Exercise details
No pictures go into the output, which should consist only of the lines from the first line of the data through the line with "plane through (0, 0, 0)", copied exactly.

+++++

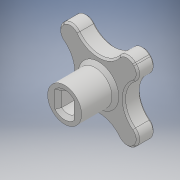
# Autodesk Inventor part: Reverse_knob_v1
Saved by Autodesk Inventor 2018 (Build 220112000, 112)
## iProperties
Created: 2018-02-15
Part Number: Reverse_knob_v1
Material: Generic
Document SubType Name: Modeling
Designer: jan-j
Density: 1 g/cm^3
Appearance: Default
Author: jan-j
Autodesk Inventor part; units mm, degrees
ref_plane "YZ Plane" through (0, 0, 0) normal (1, 0, 0) x (0, 1, 0)
ref_plane "XZ Plane" through (0, 0, 0) normal (0, 1, 0) x (-1, 0, 0)
ref_plane "XY Plane" through (0, 0, 0) normal (0, 0, 1) x (1, 0, 0)
sketch "Sketch1" plane through (0, 0, 0) normal (0, 1, 0) x (-1, 0, 0)
  spline S0 degree 3 poles (52.003, 82.0748) (54.2729, 82.1415) (56.1672, 80.3553) (56.2339, 78.0854) knots 0 0 0 0 0.2 0.2 0.2 0.2
  line L0 (52.003, 82.0748) -> (54.2729, 82.1415) construction
  line L1 (54.2729, 82.1415) -> (56.1672, 80.3553) construction
  line L2 (56.1672, 80.3553) -> (56.2339, 78.0854) construction
  spline S1 degree 3 poles (56.2339, 78.0854) (56.234, 78.0831) (56.3005, 75.8155) (54.5144, 73.9212) (52.2444, 73.8545) knots 0.2 0.2 0.2 0.2 0.2 0.4 0.4 0.4 0.4
  line L3 (56.2339, 78.0854) -> (56.2339, 78.0854) construction
  line L4 (56.2339, 78.0854) -> (56.3005, 75.8155) construction
  line L5 (56.3005, 75.8155) -> (54.5144, 73.9212) construction
  line L6 (54.5144, 73.9212) -> (52.2444, 73.8545) construction
  spline S2 degree 3 poles (52.2444, 73.8545) (52.2421, 73.8544) (49.9745, 73.7879) (48.0802, 75.574) (48.0136, 77.844) knots 0.4 0.4 0.4 0.4 0.4 0.6 0.6 0.6 0.6
  line L7 (52.2444, 73.8545) -> (52.2444, 73.8545) construction
  line L8 (52.2444, 73.8545) -> (49.9745, 73.7879) construction
  line L9 (49.9745, 73.7879) -> (48.0802, 75.574) construction
  line L10 (48.0802, 75.574) -> (48.0136, 77.844) construction
  spline S3 degree 3 poles (48.0136, 77.844) (48.0135, 77.8463) (47.9469, 80.1139) (49.7331, 82.0082) (52.003, 82.0748) knots 0.6 0.6 0.6 0.6 0.6 1 1 1 1
  line L11 (48.0136, 77.844) -> (48.0136, 77.844) construction
  line L12 (48.0136, 77.844) -> (47.9469, 80.1139) construction
  line L13 (47.9469, 80.1139) -> (49.7331, 82.0082) construction
  line L14 (49.7331, 82.0082) -> (52.003, 82.0748) construction
  spline S4 degree 3 poles (52.043, 80.7135) (52.7551, 80.7344) (53.4119, 80.4827) (53.9132, 80.0528) knots 0 0 0 0 0.142857 0.142857 0.142857 0.142857
  line L15 (52.043, 80.7135) -> (52.7551, 80.7344) construction
  line L16 (52.7551, 80.7344) -> (53.4119, 80.4827) construction
  line L17 (53.4119, 80.4827) -> (53.9132, 80.0528) construction
  line L18 (53.9132, 80.0528) -> (54.0327, 75.9851)
  spline S5 degree 3 poles (54.0327, 75.9851) (54.0322, 75.9846) (53.5575, 75.5266) (52.9166, 75.2368) (52.2045, 75.2158) knots 0.285714 0.285714 0.285714 0.285714 0.285714 0.428571 0.428571 0.428571 0.428571
  line L19 (54.0327, 75.9851) -> (54.0327, 75.9851) construction
  line L20 (54.0327, 75.9851) -> (53.5575, 75.5266) construction
  line L21 (53.5575, 75.5266) -> (52.9166, 75.2368) construction
  line L22 (52.9166, 75.2368) -> (52.2045, 75.2158) construction
  spline S6 degree 3 poles (52.2045, 75.2158) (52.2038, 75.2158) (51.4924, 75.1949) (50.8356, 75.4467) (50.3343, 75.8765) knots 0.428571 0.428571 0.428571 0.428571 0.428571 0.571429 0.571429 0.571429 0.571429
  line L23 (52.2045, 75.2158) -> (52.2045, 75.2158) construction
  line L24 (52.2045, 75.2158) -> (51.4924, 75.1949) construction
  line L25 (51.4924, 75.1949) -> (50.8356, 75.4467) construction
  line L26 (50.8356, 75.4467) -> (50.3343, 75.8765) construction
  line L27 (50.3343, 75.8765) -> (50.2148, 79.9442)
  spline S7 degree 3 poles (50.2148, 79.9442) (50.2153, 79.9447) (50.6901, 80.4027) (51.331, 80.6926) (52.043, 80.7135) knots 0.714286 0.714286 0.714286 0.714286 0.714286 1 1 1 1
  line L28 (50.2148, 79.9442) -> (50.2148, 79.9442) construction
  line L29 (50.2148, 79.9442) -> (50.6901, 80.4027) construction
  line L30 (50.6901, 80.4027) -> (51.331, 80.6926) construction
  line L31 (51.331, 80.6926) -> (52.043, 80.7135) construction
  line L32 (51.2109, 84.7632) -> (50.7914, 84.7226)
  line L33 (50.7914, 84.7226) -> (50.3879, 84.6009)
  line L34 (50.3879, 84.6009) -> (50.2754, 84.408)
  line L35 (50.2754, 84.408) -> (50.0351, 83.5249)
  line L36 (50.0351, 83.5249) -> (50.0328, 82.9691)
  line L37 (50.0328, 82.9691) -> (50.0829, 82.7792)
  line L38 (50.0829, 82.7792) -> (50.4014, 82.2224)
  line L39 (50.4014, 82.2224) -> (50.3612, 81.7237)
  line L40 (50.3612, 81.7237) -> (49.3357, 81.041)
  line L41 (49.3357, 81.041) -> (48.8601, 81.1964)
  line L42 (48.8601, 81.1964) -> (48.4694, 81.705)
  line L43 (48.4694, 81.705) -> (48.3135, 81.8245)
  line L44 (48.3135, 81.8245) -> (47.7998, 82.0368)
  line L45 (47.7998, 82.0368) -> (46.8924, 82.1558)
  line L46 (46.8924, 82.1558) -> (46.671, 82.1265)
  line L47 (46.671, 82.1265) -> (46.403, 81.8012)
  line L48 (46.403, 81.8012) -> (46.2038, 81.4298)
  line L49 (46.2038, 81.4298) -> (46.2607, 81.2139)
  line L50 (46.2607, 81.2139) -> (46.7151, 80.4194)
  line L51 (46.7151, 80.4194) -> (47.1065, 80.0248)
  line L52 (47.1065, 80.0248) -> (47.2763, 79.926)
  line L53 (47.2763, 79.926) -> (47.8952, 79.7575)
  line L54 (47.8952, 79.7575) -> (48.2194, 79.3764)
  line L55 (48.2194, 79.3764) -> (47.977, 78.1686)
  line L56 (47.977, 78.1686) -> (47.5309, 77.9421)
  line L57 (47.5309, 77.9421) -> (46.8948, 78.0255)
  line L58 (46.8948, 78.0255) -> (46.7002, 77.9997)
  line L59 (46.7002, 77.9997) -> (46.1868, 77.7868)
  line L60 (46.1868, 77.7868) -> (45.4611, 77.2291)
  line L61 (45.4611, 77.2291) -> (45.3252, 77.0518)
  line L62 (45.3252, 77.0518) -> (45.3658, 76.6324)
  line L63 (45.3658, 76.6324) -> (45.4874, 76.2289)
  line L64 (45.4874, 76.2289) -> (45.6804, 76.1164)
  line L65 (45.6804, 76.1164) -> (46.5635, 75.876)
  line L66 (46.5635, 75.876) -> (47.1193, 75.8738)
  line L67 (47.1193, 75.8738) -> (47.3092, 75.9239)
  line L68 (47.3092, 75.9239) -> (47.8659, 76.2424)
  line L69 (47.8659, 76.2424) -> (48.3647, 76.2021)
  line L70 (48.3647, 76.2021) -> (49.0474, 75.1767)
  line L71 (49.0474, 75.1767) -> (48.892, 74.7011)
  line L72 (48.892, 74.7011) -> (48.3834, 74.3103)
  line L73 (48.3834, 74.3103) -> (48.2639, 74.1545)
  line L74 (48.2639, 74.1545) -> (48.0515, 73.6408)
  line L75 (48.0515, 73.6408) -> (47.9326, 72.7334)
  line L76 (47.9326, 72.7334) -> (47.9619, 72.5119)
  line L77 (47.9619, 72.5119) -> (48.2872, 72.244)
  line L78 (48.2872, 72.244) -> (48.6585, 72.0447)
  line L79 (48.6585, 72.0447) -> (48.8745, 72.1016)
  line L80 (48.8745, 72.1016) -> (49.669, 72.5561)
  line L81 (49.669, 72.5561) -> (50.0635, 72.9475)
  line L82 (50.0635, 72.9475) -> (50.1624, 73.1172)
  line L83 (50.1624, 73.1172) -> (50.3309, 73.7361)
  line L84 (50.3309, 73.7361) -> (50.712, 74.0604)
  line L85 (50.712, 74.0604) -> (51.9197, 73.818)
  line L86 (51.9197, 73.818) -> (52.1463, 73.3718)
  line L87 (52.1463, 73.3718) -> (52.0629, 72.7358)
  line L88 (52.0629, 72.7358) -> (52.0886, 72.5411)
  line L89 (52.0886, 72.5411) -> (52.3016, 72.0277)
  line L90 (52.3016, 72.0277) -> (52.8592, 71.302)
  line L91 (52.8592, 71.302) -> (53.0365, 71.1661)
  line L92 (53.0365, 71.1661) -> (53.456, 71.2067)
  line L93 (53.456, 71.2067) -> (53.8595, 71.3284)
  line L94 (53.8595, 71.3284) -> (53.9719, 71.5214)
  line L95 (53.9719, 71.5214) -> (54.2124, 72.4044)
  line L96 (54.2124, 72.4044) -> (54.2146, 72.9603)
  line L97 (54.2146, 72.9603) -> (54.1645, 73.1502)
  line L98 (54.1645, 73.1502) -> (53.846, 73.7069)
  line L99 (53.846, 73.7069) -> (53.8862, 74.2056)
  line L100 (53.8862, 74.2056) -> (54.9117, 74.8883)
  line L101 (54.9117, 74.8883) -> (55.3873, 74.733)
  line L102 (55.3873, 74.733) -> (55.778, 74.2243)
  line L103 (55.778, 74.2243) -> (55.9339, 74.1049)
  line L104 (55.9339, 74.1049) -> (56.4476, 73.8925)
  line L105 (56.4476, 73.8925) -> (57.355, 73.7736)
  line L106 (57.355, 73.7736) -> (57.5765, 73.8028)
  line L107 (57.5765, 73.8028) -> (57.8444, 74.1282)
  line L108 (57.8444, 74.1282) -> (58.0436, 74.4995)
  line L109 (58.0436, 74.4995) -> (57.9867, 74.7155)
  line L110 (57.9867, 74.7155) -> (57.5323, 75.5099)
  line L111 (57.5323, 75.5099) -> (57.1408, 75.9045)
  line L112 (57.1408, 75.9045) -> (56.9711, 76.0033)
  line L113 (56.9711, 76.0033) -> (56.3523, 76.1718)
  line L114 (56.3523, 76.1718) -> (56.028, 76.553)
  line L115 (56.028, 76.553) -> (56.2704, 77.7607)
  line L116 (56.2704, 77.7607) -> (56.7165, 77.9872)
  line L117 (56.7165, 77.9872) -> (57.3526, 77.9039)
  line L118 (57.3526, 77.9039) -> (57.5472, 77.9296)
  line L119 (57.5472, 77.9296) -> (58.0606, 78.1426)
  line L120 (58.0606, 78.1426) -> (58.7864, 78.7002)
  line L121 (58.7864, 78.7002) -> (58.9223, 78.8775)
  line L122 (58.9223, 78.8775) -> (58.8816, 79.297)
  line L123 (58.8816, 79.297) -> (58.7599, 79.7005)
  line L124 (58.7599, 79.7005) -> (58.567, 79.8129)
  line L125 (58.567, 79.8129) -> (57.6839, 80.0533)
  line L126 (57.6839, 80.0533) -> (57.1281, 80.0556)
  line L127 (57.1281, 80.0556) -> (56.9382, 80.0055)
  line L128 (56.9382, 80.0055) -> (56.3815, 79.687)
  line L129 (56.3815, 79.687) -> (55.8827, 79.7272)
  line L130 (55.8827, 79.7272) -> (55.2, 80.7526)
  line L131 (55.2, 80.7526) -> (55.3554, 81.2283)
  line L132 (55.3554, 81.2283) -> (55.864, 81.619)
  line L133 (55.864, 81.619) -> (55.9835, 81.7749)
  line L134 (55.9835, 81.7749) -> (56.1959, 82.2886)
  line L135 (56.1959, 82.2886) -> (56.3148, 83.196)
  line L136 (56.3148, 83.196) -> (56.2855, 83.4174)
  line L137 (56.2855, 83.4174) -> (55.9602, 83.6853)
  line L138 (55.9602, 83.6853) -> (55.5889, 83.8846)
  line L139 (55.5889, 83.8846) -> (55.3729, 83.8277)
  line L140 (55.3729, 83.8277) -> (54.5784, 83.3733)
  line L141 (54.5784, 83.3733) -> (54.1839, 82.9818)
  line L142 (54.1839, 82.9818) -> (54.085, 82.8121)
  line L143 (54.085, 82.8121) -> (53.9165, 82.1932)
  line L144 (53.9165, 82.1932) -> (53.5354, 81.8689)
  line L145 (53.5354, 81.8689) -> (52.3277, 82.1114)
  line L146 (52.3277, 82.1114) -> (52.1012, 82.5575)
  line L147 (52.1012, 82.5575) -> (52.1845, 83.1935)
  line L148 (52.1845, 83.1935) -> (52.1588, 83.3882)
  line L149 (52.1588, 83.3882) -> (51.9458, 83.9016)
  line L150 (51.9458, 83.9016) -> (51.3881, 84.6273)
  line L151 (51.3881, 84.6273) -> (51.2109, 84.7632)
  circle A0 centre (0, 0) radius 2.85
  line L152 (0, 2.85) -> (0, -2.85)
  line L153 (-1.85, 2.1679) -> (-1.85, -2.1679)
  line L154 (1.85, -2.1679) -> (1.85, 2.1679)
  circle A1 centre (0, 0) radius 5
  dimension "d1" = 5.7
  dimension "d3" = 3.7
  dimension "d4" = 10
  constraints: 250 end point, 6 point on circle, 2 centre point, 2 coincident, 1 midpoint, 1 parallel, 1 vertical, 25 other
  measures "d1" diameter of A0
  measures "d3" distance between parallel lines of L153 L154
  measures "d4" diameter of A1
extrude "Extrusion1" add sketch "Sketch1" along normal blind 10 contours A0 L154 | L153 A0 | A1
sketch "Sketch2" plane through (0, 10, 0) normal (0, 1, 0) x (1, 0, 0)
  circle A0 centre (0, 0) radius 15
  dimension "d7" = 30
  constraints: 1 centre point, 1 coincident
  measures "d7" diameter of A0
extrude "Extrusion2" add sketch "Sketch2" along normal blind 5
sketch "Sketch3" plane through (0, 15, 0) normal (0, 1, 0) x (1, 0, 0)
  circle A0 centre (0, 0) radius 15 projected
  circle A1 centre (0, 15) radius 7.5
  line L0 (0, 15) -> (0, 0)
  dimension "d10" = 15
  constraints: 2 end point, 1 centre point, 1 vertical, 1 vertical alignment, 1 other
  measures "d10" diameter of A1
extrude "Extrusion3" cut sketch "Sketch3" against normal blind 5 contours A1 L0 A0 | A0 A1 | A0 L0 A1 picked at (1.7156, 17.2702)
fillet "Fillet1" radius 3 2 edges at (-7.2618, 12.5, -13.125) (7.2618, 12.5, -13.125)
pattern_circular "Circular Pattern1" count 4 over 360 about axis through (0, 0, 0) along (0, 1, 0) of "Extrusion3", "Fillet1"
chamfer "Chamfer1" distance 1 angle 45 4 edges at (-1.85, 0, 0) (0, 0, 2.85) (0, 0, -2.85) (1.85, 0, 0)
chamfer "Chamfer2" distance 1 angle 45 1 edges at (5, 10, 0)
chamfer "Chamfer3" distance 0.5 angle 45 32 edges at (-7.5, 10, 0) (-11.6166, 10, -8.1191) (-11.6166, 10, 8.1191) (-10.6066, 10, -10.6066) (8.1191, 10, -11.6166) (-8.1191, 10, -11.6166) (0, 10, -7.5) (10.6066, 10, -10.6066) (11.6166, 10, -8.1191) (11.6166, 10, 8.1191) (7.5, 10, 0) (10.6066, 10, 10.6066) (8.1191, 10, 11.6166) (-8.1191, 10, 11.6166) (0, 10, 7.5) (-10.6066, 10, 10.6066) (0, 15, 7.5) (8.1191, 15, 11.6166) (-8.1191, 15, 11.6166) (10.6066, 15, 10.6066) (11.6166, 15, -8.1191) (11.6166, 15, 8.1191) (7.5, 15, 0) (10.6066, 15, -10.6066) (8.1191, 15, -11.6166) (-8.1191, 15, -11.6166) (0, 15, -7.5) (-10.6066, 15, -10.6066) (-11.6166, 15, -8.1191) (-11.6166, 15, 8.1191) (-7.5, 15, 0) (-10.6066, 15, 10.6066)
body "Solid1"

+++++

Expected answer
# Autodesk Inventor part: Reverse_knob_v1
Saved by Autodesk Inventor 2018 (Build 220112000, 112)
## iProperties
Created: 2018-02-15
Part Number: Reverse_knob_v1
Material: Generic
Document SubType Name: Modeling
Designer: jan-j
Density: 1 g/cm^3
Appearance: Default
Author: jan-j
Autodesk Inventor part; units mm, degrees
ref_plane "YZ Plane" through (0, 0, 0) normal (1, 0, 0) x (0, 1, 0)
ref_plane "XZ Plane" through (0, 0, 0) normal (0, 1, 0) x (-1, 0, 0)
ref_plane "XY Plane" through (0, 0, 0) normal (0, 0, 1) x (1, 0, 0)
sketch "Sketch1" plane through (0, 0, 0) normal (0, 1, 0) x (-1, 0, 0)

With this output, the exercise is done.